■ Activity: Give back exactly the lines of the data below, starting with the line that has "Line((5, -19), (4, -19))" and going on through the line that has "Line((0, -5.5), (0, -3.4))".

+ + + +

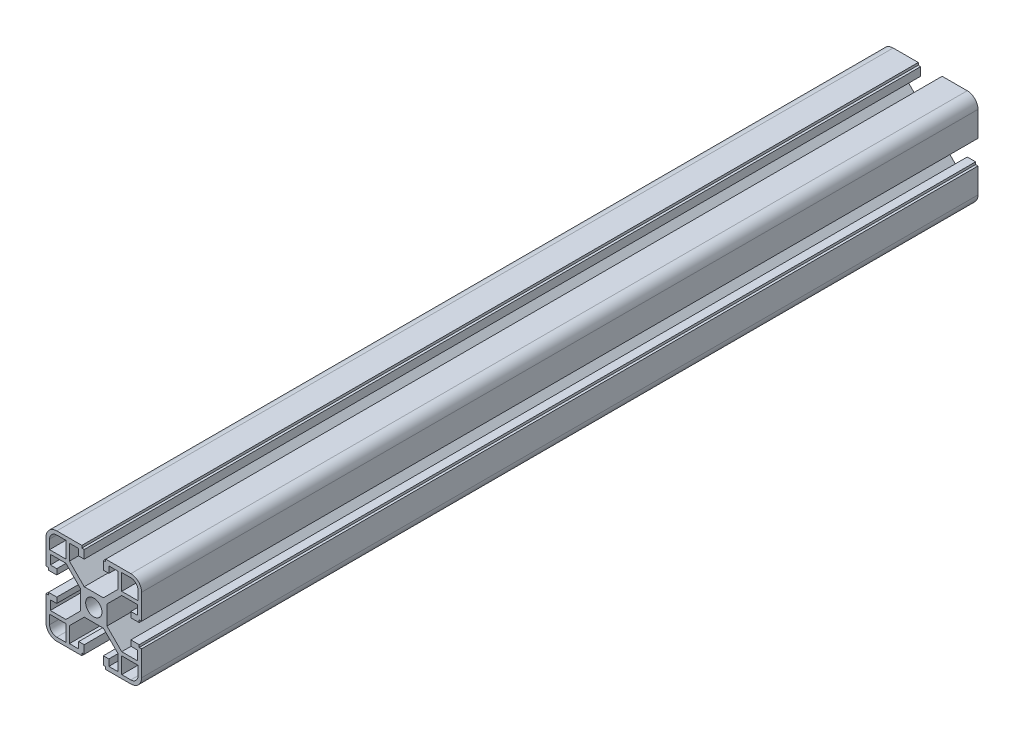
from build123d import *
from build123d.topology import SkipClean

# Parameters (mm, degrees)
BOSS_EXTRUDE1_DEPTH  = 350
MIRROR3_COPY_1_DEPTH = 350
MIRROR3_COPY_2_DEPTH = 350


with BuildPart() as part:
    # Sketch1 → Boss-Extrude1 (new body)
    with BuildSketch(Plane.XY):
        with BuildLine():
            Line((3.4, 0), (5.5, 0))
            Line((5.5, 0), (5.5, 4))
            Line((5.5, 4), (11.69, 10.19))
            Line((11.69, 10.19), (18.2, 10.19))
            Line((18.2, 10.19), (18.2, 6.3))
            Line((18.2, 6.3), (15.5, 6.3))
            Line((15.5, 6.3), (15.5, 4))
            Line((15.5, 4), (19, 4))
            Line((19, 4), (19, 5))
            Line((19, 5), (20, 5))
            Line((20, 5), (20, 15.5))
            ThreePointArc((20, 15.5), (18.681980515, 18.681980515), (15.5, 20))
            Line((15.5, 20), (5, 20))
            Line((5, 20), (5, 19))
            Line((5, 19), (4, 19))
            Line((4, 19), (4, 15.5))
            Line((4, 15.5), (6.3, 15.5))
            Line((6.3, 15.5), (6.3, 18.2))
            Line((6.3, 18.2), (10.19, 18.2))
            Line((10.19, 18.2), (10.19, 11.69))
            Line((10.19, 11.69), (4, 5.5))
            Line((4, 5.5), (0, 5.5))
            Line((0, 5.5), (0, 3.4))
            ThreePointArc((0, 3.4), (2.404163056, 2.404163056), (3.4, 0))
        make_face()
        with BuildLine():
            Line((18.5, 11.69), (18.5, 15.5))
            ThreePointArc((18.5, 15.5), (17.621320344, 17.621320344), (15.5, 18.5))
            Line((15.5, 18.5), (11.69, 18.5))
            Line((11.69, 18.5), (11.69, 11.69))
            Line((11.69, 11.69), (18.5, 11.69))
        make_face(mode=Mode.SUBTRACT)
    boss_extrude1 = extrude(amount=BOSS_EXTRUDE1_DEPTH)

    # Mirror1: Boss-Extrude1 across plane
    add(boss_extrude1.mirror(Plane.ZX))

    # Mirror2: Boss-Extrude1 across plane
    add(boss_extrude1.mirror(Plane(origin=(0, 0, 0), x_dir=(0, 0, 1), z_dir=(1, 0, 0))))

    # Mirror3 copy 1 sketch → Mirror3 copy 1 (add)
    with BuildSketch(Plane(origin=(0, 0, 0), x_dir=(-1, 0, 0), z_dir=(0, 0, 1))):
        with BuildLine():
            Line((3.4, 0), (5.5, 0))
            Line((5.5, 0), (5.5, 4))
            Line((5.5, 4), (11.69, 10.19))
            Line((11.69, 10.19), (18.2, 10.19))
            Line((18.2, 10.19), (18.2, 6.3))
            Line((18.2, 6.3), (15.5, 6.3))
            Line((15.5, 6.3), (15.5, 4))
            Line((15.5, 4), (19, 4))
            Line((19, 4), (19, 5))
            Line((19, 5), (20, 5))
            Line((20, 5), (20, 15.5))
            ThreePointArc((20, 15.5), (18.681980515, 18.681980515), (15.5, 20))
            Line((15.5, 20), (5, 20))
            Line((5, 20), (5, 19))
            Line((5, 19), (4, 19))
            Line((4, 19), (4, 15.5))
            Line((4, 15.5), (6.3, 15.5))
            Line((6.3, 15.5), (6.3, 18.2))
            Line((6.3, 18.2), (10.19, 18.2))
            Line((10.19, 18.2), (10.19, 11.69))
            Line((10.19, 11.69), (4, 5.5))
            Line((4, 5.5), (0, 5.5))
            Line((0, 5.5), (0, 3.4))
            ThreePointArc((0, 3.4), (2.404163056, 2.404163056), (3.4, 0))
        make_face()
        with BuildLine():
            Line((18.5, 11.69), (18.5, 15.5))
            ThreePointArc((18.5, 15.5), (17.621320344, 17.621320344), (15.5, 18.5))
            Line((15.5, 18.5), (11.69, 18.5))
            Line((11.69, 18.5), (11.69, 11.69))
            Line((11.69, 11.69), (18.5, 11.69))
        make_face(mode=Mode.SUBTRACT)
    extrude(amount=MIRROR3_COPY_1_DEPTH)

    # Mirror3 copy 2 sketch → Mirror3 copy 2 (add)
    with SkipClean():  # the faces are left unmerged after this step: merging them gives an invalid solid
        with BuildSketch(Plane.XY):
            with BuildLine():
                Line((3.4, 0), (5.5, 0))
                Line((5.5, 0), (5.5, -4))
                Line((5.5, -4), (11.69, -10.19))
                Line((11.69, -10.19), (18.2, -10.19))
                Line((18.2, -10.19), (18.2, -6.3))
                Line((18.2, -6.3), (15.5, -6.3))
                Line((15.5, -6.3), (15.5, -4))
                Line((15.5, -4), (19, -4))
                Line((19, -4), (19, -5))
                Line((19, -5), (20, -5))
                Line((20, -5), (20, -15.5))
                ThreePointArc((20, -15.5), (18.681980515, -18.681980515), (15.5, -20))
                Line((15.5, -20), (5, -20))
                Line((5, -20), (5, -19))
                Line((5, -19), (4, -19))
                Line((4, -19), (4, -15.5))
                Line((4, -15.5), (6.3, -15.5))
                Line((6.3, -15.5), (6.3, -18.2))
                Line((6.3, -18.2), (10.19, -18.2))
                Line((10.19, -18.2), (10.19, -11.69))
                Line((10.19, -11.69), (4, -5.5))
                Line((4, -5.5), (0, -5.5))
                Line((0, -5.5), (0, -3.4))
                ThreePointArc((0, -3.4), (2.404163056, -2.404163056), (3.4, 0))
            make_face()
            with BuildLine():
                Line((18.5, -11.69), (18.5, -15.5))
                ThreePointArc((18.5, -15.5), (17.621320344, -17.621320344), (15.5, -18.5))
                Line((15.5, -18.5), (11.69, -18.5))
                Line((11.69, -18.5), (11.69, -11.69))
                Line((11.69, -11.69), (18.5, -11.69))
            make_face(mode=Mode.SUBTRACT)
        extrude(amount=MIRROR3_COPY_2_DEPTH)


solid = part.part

+ + + +

■ Result for this task:
                Line((5, -19), (4, -19))
                Line((4, -19), (4, -15.5))
                Line((4, -15.5), (6.3, -15.5))
                Line((6.3, -15.5), (6.3, -18.2))
                Line((6.3, -18.2), (10.19, -18.2))
                Line((10.19, -18.2), (10.19, -11.69))
                Line((10.19, -11.69), (4, -5.5))
                Line((4, -5.5), (0, -5.5))
                Line((0, -5.5), (0, -3.4))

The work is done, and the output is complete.